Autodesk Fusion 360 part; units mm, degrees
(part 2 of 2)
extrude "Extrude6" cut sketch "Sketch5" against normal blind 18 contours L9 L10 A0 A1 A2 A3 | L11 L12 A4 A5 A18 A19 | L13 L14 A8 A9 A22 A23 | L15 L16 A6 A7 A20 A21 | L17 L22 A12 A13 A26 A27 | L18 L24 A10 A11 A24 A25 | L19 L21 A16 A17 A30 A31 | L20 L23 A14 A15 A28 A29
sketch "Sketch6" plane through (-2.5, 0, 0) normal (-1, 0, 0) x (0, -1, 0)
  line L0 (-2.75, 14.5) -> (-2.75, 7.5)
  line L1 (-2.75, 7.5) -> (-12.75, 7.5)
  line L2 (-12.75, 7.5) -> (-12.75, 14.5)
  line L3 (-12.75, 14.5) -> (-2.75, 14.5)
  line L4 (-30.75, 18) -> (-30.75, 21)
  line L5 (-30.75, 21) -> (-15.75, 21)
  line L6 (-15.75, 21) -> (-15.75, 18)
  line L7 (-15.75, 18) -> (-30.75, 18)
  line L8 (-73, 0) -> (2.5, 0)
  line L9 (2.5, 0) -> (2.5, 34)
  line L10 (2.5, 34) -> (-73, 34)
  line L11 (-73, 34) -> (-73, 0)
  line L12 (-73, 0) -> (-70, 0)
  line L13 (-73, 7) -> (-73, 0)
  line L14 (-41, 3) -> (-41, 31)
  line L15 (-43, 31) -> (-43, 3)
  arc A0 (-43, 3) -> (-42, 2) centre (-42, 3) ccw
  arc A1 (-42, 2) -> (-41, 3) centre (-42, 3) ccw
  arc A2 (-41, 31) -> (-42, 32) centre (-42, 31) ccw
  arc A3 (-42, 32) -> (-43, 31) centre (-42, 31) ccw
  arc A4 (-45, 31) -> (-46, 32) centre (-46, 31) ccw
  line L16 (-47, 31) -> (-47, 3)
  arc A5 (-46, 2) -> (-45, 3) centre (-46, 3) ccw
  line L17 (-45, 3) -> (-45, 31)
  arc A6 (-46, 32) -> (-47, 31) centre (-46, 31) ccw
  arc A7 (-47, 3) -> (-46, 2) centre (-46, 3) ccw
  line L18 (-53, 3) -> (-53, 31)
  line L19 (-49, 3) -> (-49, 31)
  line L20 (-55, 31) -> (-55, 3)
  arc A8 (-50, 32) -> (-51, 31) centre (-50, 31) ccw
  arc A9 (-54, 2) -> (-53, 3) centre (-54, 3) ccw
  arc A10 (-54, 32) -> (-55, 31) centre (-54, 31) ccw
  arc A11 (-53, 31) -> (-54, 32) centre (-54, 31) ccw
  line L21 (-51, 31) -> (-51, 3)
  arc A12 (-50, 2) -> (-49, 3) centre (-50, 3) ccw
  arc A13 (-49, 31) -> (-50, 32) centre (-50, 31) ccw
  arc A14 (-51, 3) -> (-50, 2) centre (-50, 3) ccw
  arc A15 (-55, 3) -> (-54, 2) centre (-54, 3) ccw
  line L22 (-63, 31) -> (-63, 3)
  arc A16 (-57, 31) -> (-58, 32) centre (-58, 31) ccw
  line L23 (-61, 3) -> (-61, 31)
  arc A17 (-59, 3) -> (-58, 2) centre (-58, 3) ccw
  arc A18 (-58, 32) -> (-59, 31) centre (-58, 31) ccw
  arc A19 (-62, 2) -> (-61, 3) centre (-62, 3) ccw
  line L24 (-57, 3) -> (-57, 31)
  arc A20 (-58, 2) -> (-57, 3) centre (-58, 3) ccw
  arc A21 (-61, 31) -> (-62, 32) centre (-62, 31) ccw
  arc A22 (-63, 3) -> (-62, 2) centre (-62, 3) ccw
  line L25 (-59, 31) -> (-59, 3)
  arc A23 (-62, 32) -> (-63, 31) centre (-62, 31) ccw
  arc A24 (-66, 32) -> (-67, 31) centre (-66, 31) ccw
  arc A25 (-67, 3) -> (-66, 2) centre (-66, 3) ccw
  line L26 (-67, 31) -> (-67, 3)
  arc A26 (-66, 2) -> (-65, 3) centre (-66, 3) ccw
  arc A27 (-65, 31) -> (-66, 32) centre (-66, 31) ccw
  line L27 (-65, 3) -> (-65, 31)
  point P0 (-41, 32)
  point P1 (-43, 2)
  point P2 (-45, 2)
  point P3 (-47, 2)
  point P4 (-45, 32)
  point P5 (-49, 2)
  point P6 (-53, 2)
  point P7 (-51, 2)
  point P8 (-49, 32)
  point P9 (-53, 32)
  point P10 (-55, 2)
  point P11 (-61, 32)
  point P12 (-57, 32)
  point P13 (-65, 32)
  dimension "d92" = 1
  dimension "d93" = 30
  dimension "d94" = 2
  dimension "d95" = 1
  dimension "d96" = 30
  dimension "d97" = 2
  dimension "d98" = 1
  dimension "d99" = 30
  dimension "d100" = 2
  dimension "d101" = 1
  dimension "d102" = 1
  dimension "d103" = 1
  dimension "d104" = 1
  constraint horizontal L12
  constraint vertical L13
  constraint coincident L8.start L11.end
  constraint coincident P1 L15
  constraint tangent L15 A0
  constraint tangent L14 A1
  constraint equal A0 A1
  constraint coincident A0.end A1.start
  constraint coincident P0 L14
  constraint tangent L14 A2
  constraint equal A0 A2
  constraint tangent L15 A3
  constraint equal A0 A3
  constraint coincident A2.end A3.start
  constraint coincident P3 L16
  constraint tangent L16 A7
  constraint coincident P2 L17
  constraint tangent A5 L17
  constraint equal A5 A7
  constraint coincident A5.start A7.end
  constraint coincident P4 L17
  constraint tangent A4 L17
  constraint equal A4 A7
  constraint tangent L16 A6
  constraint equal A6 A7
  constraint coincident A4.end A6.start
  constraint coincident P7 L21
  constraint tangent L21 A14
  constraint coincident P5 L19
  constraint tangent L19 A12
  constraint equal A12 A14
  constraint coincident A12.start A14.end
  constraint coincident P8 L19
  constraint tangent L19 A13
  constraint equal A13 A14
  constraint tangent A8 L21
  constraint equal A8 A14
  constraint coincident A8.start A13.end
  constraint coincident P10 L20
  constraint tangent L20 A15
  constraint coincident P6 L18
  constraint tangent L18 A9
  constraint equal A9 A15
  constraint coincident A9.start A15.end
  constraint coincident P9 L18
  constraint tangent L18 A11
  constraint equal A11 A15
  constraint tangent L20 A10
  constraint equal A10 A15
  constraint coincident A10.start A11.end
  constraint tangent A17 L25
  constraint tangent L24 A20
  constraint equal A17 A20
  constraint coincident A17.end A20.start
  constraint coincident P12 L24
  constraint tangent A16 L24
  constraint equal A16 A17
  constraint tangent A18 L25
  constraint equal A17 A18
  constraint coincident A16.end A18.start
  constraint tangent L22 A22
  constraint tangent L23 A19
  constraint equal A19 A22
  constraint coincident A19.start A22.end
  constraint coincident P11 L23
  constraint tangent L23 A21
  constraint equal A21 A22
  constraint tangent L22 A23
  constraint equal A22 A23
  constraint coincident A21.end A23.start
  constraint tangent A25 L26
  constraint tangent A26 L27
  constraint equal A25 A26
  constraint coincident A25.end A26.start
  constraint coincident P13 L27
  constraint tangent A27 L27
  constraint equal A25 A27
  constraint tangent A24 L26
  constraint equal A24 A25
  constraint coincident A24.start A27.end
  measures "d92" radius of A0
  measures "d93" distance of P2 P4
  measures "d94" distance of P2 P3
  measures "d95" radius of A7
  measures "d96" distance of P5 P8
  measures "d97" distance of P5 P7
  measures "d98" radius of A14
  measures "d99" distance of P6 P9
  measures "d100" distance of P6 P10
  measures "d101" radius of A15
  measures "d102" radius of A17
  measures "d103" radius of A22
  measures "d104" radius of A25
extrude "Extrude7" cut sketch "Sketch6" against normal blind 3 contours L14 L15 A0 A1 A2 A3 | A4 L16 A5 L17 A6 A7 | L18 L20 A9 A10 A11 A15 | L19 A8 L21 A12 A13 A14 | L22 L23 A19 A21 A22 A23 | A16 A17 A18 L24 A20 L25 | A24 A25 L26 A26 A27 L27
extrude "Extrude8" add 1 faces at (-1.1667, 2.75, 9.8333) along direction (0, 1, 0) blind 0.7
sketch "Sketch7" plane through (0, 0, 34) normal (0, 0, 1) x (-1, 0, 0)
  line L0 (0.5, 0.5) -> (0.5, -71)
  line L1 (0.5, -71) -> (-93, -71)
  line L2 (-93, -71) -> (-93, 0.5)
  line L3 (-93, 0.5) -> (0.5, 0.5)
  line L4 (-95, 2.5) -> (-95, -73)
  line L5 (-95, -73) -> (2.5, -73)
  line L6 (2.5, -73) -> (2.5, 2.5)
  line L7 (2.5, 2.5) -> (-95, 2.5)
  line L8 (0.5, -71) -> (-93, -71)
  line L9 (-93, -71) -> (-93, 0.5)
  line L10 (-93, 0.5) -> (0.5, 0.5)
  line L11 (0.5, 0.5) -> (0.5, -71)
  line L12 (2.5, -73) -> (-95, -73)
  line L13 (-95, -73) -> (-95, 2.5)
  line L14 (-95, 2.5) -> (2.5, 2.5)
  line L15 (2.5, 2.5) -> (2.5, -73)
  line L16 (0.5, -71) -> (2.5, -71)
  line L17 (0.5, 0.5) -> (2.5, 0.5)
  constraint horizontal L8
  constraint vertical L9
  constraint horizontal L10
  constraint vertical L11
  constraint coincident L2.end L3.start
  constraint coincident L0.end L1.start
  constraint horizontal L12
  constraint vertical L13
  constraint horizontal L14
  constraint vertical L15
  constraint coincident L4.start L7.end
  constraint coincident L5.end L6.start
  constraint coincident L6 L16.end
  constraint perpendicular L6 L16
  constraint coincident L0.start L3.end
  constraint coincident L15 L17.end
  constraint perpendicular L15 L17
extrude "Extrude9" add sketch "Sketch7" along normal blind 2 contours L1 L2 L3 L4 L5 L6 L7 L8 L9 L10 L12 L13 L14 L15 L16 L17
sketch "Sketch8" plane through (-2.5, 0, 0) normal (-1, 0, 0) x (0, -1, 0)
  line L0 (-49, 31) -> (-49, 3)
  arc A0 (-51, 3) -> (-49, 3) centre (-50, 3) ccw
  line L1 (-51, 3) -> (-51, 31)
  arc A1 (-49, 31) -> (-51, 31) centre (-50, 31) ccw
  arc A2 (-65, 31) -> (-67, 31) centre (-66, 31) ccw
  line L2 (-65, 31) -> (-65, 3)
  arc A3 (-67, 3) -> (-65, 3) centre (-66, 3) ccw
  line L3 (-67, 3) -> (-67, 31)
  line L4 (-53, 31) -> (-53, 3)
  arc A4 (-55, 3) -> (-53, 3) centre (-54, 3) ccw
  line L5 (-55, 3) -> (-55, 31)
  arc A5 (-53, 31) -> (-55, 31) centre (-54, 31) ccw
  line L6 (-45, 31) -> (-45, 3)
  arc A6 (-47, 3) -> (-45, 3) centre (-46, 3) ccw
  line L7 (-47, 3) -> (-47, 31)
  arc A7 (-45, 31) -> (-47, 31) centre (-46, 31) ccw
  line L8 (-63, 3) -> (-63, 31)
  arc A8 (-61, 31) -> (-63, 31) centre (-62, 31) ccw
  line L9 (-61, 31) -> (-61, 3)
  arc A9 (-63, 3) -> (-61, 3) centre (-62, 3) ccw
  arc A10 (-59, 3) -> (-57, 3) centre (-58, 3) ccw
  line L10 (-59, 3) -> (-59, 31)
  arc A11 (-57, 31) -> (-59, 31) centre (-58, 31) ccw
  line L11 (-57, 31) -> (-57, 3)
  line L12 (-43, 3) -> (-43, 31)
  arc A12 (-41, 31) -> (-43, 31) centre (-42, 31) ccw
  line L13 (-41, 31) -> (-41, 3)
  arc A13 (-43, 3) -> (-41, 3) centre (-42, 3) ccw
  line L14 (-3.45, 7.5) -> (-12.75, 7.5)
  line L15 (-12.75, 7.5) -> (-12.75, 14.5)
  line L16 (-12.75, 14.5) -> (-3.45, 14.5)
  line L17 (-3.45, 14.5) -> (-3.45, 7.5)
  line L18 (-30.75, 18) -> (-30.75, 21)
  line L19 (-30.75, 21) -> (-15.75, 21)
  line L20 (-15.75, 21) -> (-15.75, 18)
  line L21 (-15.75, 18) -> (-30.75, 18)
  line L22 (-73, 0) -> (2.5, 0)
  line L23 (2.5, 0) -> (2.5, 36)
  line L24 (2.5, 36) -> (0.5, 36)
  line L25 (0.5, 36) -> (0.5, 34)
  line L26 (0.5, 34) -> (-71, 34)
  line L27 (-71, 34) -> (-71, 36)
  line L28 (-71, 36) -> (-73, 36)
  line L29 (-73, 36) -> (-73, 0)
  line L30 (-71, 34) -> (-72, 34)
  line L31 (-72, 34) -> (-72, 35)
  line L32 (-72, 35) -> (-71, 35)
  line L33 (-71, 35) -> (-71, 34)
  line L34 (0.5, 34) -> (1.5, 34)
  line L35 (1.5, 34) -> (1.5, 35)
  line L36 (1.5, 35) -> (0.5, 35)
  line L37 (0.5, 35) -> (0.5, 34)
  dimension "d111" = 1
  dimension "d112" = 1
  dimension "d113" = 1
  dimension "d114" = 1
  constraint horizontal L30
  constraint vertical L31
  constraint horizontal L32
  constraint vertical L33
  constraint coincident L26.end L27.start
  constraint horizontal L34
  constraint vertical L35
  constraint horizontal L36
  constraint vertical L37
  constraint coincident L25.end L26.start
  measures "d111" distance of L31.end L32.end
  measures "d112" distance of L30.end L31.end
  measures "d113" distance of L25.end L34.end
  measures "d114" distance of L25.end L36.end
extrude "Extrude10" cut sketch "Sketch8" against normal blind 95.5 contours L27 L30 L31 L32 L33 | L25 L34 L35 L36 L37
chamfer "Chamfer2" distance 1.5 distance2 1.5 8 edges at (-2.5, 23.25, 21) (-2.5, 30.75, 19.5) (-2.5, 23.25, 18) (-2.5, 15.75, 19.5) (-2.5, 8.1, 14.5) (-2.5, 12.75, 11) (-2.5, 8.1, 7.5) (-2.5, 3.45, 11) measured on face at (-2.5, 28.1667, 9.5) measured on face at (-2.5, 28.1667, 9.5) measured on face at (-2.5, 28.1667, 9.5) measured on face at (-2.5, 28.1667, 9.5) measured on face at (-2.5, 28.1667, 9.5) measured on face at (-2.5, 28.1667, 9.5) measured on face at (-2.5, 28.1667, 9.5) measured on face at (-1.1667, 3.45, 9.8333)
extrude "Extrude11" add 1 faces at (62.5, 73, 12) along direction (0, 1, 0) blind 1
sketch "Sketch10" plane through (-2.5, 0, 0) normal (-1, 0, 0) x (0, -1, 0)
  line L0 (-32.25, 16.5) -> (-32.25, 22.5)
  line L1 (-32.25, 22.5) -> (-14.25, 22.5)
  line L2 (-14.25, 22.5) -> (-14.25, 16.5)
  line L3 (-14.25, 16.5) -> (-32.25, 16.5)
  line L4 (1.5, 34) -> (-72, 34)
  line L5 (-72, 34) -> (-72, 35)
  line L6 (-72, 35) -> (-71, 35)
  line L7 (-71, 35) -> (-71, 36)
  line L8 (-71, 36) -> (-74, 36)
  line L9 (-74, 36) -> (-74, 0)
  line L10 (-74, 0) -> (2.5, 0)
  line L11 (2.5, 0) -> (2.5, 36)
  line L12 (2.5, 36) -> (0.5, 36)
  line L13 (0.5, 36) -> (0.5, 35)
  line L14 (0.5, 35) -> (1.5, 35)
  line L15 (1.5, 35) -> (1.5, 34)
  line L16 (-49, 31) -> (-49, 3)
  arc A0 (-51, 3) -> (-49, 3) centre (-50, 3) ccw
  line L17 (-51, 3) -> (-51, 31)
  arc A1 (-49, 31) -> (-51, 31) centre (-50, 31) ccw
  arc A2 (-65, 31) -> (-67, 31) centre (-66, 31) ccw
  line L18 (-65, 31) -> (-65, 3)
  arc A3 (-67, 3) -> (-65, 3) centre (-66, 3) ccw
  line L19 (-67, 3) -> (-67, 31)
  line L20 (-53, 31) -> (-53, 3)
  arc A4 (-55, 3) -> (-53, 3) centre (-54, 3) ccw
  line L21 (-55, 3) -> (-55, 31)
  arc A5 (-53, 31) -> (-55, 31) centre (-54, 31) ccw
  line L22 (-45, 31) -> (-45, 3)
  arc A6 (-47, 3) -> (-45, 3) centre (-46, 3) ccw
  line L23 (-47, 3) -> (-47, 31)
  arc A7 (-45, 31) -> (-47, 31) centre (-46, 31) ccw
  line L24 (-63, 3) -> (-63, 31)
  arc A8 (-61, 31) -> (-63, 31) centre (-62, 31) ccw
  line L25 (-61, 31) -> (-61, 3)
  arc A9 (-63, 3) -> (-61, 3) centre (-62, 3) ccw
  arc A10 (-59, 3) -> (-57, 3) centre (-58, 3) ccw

____

Problem statement — What is needed is an exact retyping of every line from the one containing "line L19 (-67, 3) -> (-67, 31)" through the final line of the entries, and only those lines.

Answer section —
  line L19 (-67, 3) -> (-67, 31)
  line L20 (-53, 31) -> (-53, 3)
  arc A4 (-55, 3) -> (-53, 3) centre (-54, 3) ccw
  line L21 (-55, 3) -> (-55, 31)
  arc A5 (-53, 31) -> (-55, 31) centre (-54, 31) ccw
  line L22 (-45, 31) -> (-45, 3)
  arc A6 (-47, 3) -> (-45, 3) centre (-46, 3) ccw
  line L23 (-47, 3) -> (-47, 31)
  arc A7 (-45, 31) -> (-47, 31) centre (-46, 31) ccw
  line L24 (-63, 3) -> (-63, 31)
  arc A8 (-61, 31) -> (-63, 31) centre (-62, 31) ccw
  line L25 (-61, 31) -> (-61, 3)
  arc A9 (-63, 3) -> (-61, 3) centre (-62, 3) ccw
  arc A10 (-59, 3) -> (-57, 3) centre (-58, 3) ccw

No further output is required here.